A cell line is a population of cells derived from a multicellular organism, grown and maintained in a laboratory for extended periods. These cells provide a consistent model for scientific investigation. The AGS cell line is a significant example, widely employed in biomedical research to gain insights into biological processes and disease mechanisms.
Origin and Derivation of AGS Cells
The AGS cell line was established from human tissue in 1979, originating from a gastric adenocarcinoma, a type of stomach cancer. This specific cell line was derived from a tumor biopsy taken from a 54-year-old Caucasian female patient. The “AGS” acronym refers to “Adenocarcinoma, Gastric, Stomach,” reflecting its tissue and disease origin.
Cellular and Genetic Profile
AGS cells exhibit an epithelial-like morphology, meaning they resemble the cells that line the surfaces and cavities within the body. These cells are adherent, forming monolayers as they attach and spread across the surface of the culture flask. Their population doubling time typically ranges between 20 to 48 hours.
Genetically, AGS cells are characterized as hyperdiploid, meaning they possess more than the normal number of chromosomes. The modal chromosome number for AGS cells is 49, observed in approximately 60% of the cells. These cells also show a low rate of polyploidy, where cells contain multiple sets of chromosomes. The p53 gene, a tumor suppressor, can be altered in gastric cancer cell lines, and its regulation impacts AGS cell behavior.
Applications in Scientific Research
The AGS cell line serves as an important tool in various areas of scientific research due to its gastric origin and characteristics. It is frequently employed in studies focused on understanding gastric cancer. Researchers use AGS cells to investigate the molecular mechanisms underlying tumor growth, progression, and metastasis. The cell line also facilitates the evaluation of potential anti-cancer drugs, allowing scientists to test new therapeutic agents against gastric carcinomas.
A significant application of AGS cells is in research concerning Helicobacter pylori, a bacterium known to cause ulcers and increase the risk of stomach cancer. AGS cells are a primary model for studying how H. pylori interacts with stomach cells, including the effects of bacterial factors like CagA on host cell signaling pathways such as MAPK/ERK and NF-κB. This includes observing morphological changes in AGS cells, such as cell elongation and scattering, known as the “hummingbird phenotype,” when infected with CagA-positive H. pylori strains.
Beyond cancer and infection studies, AGS cells are also utilized in general toxicology research. They provide a human gastric model for screening how various substances, environmental toxins, or natural compounds might affect human stomach cells. This helps assess potential harmful or beneficial effects of different agents on gastric health and cellular processes.

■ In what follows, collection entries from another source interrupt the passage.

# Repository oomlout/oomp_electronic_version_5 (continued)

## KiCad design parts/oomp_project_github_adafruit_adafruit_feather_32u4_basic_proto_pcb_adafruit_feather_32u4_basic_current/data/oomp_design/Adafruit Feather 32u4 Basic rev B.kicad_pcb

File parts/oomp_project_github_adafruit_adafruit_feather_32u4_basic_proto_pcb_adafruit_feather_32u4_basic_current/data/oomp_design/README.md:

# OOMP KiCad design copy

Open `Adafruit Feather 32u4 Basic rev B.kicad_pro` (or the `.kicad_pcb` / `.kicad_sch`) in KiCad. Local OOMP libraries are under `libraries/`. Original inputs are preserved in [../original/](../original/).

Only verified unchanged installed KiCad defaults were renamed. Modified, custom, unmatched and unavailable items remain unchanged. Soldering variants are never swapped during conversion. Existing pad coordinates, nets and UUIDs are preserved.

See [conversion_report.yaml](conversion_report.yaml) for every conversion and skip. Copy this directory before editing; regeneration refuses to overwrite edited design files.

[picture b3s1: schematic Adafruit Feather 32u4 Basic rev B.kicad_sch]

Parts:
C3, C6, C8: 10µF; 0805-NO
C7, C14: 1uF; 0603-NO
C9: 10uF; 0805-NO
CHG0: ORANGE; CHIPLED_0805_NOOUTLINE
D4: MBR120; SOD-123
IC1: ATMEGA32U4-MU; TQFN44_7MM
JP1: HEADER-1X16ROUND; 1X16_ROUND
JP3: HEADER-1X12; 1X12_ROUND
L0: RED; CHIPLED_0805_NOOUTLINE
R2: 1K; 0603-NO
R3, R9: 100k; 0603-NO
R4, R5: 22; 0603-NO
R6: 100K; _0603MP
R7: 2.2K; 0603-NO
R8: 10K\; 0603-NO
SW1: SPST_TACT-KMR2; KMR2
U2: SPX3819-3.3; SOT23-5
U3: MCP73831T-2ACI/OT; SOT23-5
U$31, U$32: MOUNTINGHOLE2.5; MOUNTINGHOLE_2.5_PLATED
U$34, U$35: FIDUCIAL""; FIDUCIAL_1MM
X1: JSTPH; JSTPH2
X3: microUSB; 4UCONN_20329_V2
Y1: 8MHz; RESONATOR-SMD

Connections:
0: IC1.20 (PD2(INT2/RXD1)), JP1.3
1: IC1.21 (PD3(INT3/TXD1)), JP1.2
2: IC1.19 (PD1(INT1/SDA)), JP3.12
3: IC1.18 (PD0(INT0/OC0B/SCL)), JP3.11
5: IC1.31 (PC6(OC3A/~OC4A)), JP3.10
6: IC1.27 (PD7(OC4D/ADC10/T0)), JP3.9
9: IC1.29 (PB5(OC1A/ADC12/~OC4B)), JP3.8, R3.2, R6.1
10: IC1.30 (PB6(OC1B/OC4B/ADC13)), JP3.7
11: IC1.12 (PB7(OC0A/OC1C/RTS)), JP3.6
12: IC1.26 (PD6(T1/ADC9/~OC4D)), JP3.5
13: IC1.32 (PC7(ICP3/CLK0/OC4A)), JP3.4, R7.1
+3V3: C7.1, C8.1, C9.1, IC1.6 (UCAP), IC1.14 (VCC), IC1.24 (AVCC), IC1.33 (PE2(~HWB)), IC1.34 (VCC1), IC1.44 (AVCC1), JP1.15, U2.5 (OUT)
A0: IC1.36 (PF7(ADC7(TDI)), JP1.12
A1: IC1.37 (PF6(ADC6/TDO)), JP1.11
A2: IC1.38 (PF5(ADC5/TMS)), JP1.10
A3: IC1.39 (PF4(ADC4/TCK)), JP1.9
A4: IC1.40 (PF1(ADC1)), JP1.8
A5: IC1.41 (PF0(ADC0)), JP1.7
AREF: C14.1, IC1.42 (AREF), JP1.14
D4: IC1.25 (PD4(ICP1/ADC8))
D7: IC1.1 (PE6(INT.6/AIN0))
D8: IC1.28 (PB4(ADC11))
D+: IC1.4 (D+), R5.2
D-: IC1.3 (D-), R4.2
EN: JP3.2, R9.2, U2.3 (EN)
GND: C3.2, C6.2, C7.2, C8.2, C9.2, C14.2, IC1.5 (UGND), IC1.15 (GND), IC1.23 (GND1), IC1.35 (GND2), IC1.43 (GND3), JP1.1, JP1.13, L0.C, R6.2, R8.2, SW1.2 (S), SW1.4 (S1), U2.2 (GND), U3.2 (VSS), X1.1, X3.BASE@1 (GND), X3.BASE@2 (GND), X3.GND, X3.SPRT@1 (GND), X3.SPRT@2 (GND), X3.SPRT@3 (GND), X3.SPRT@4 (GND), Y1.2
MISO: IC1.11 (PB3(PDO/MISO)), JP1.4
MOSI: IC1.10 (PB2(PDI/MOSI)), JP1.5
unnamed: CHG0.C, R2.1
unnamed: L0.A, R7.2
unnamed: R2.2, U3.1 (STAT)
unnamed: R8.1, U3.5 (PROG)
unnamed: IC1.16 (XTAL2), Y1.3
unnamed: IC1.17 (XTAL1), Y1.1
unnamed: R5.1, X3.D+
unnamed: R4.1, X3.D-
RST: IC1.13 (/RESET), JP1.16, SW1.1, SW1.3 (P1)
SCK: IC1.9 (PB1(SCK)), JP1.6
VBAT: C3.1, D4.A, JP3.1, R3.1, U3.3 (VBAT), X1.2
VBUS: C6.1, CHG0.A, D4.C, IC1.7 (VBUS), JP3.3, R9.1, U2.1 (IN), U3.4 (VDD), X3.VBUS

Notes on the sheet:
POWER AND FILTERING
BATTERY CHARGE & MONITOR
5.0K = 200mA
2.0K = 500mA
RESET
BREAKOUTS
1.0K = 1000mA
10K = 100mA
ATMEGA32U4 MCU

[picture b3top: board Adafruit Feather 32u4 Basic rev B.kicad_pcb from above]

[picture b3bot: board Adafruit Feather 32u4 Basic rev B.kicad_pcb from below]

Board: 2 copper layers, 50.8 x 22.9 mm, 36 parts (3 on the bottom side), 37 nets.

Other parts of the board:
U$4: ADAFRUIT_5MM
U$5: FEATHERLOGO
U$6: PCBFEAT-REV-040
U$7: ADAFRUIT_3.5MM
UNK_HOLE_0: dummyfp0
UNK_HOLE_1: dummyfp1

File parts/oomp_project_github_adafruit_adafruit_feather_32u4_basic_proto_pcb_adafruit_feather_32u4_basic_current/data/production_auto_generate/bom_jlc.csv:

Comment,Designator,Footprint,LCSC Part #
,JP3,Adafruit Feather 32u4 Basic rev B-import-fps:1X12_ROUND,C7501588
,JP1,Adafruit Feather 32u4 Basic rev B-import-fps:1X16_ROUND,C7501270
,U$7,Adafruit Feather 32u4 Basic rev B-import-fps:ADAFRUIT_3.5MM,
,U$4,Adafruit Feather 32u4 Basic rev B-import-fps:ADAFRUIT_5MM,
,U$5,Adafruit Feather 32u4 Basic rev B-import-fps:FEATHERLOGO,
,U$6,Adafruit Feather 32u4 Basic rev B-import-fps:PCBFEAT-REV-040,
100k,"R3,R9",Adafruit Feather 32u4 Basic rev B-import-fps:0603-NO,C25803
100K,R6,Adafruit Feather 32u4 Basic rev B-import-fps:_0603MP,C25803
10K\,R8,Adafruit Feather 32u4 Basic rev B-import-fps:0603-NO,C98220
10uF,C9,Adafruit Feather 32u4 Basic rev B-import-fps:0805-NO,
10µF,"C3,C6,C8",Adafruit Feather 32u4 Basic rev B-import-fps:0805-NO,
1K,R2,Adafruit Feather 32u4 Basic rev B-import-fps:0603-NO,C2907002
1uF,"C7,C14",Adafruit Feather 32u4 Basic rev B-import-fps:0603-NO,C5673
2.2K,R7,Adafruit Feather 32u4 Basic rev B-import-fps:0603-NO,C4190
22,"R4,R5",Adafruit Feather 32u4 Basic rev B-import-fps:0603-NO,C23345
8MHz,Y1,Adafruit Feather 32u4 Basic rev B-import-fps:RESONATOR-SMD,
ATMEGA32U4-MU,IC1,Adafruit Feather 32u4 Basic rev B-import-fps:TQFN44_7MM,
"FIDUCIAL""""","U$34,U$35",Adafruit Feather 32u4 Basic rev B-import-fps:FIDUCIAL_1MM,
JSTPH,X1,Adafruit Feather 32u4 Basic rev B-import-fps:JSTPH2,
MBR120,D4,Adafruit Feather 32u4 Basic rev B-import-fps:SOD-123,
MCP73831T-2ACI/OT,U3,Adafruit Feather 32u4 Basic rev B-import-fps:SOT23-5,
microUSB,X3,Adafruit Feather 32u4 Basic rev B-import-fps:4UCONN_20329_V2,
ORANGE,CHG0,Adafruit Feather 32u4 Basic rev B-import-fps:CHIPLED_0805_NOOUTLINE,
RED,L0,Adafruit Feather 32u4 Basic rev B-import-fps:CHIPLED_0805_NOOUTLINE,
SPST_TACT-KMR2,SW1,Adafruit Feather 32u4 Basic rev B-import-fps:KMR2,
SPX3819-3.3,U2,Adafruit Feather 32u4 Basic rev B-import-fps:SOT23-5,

Laboratory Culture and Maintenance
Maintaining AGS cells in a laboratory requires specific conditions for healthy growth. They are grown in a liquid nutrient solution, or culture medium, such as Ham’s F-12K Medium, often supplemented with 10% fetal bovine serum (FBS). Other media like RPMI 1640 or Dulbecco’s Modified Eagle’s Medium (DMEM) with FBS are also used.
Cells are cultured in an incubator at 37°C with a humidified atmosphere containing 5% carbon dioxide (CO2). As AGS cells are adherent, they grow attached to culture flask surfaces. When cells multiply and cover the flask, they are regularly “subcultured” or “split.” This involves detaching cells with an enzyme solution, diluting them, and transferring them to new flasks with fresh medium.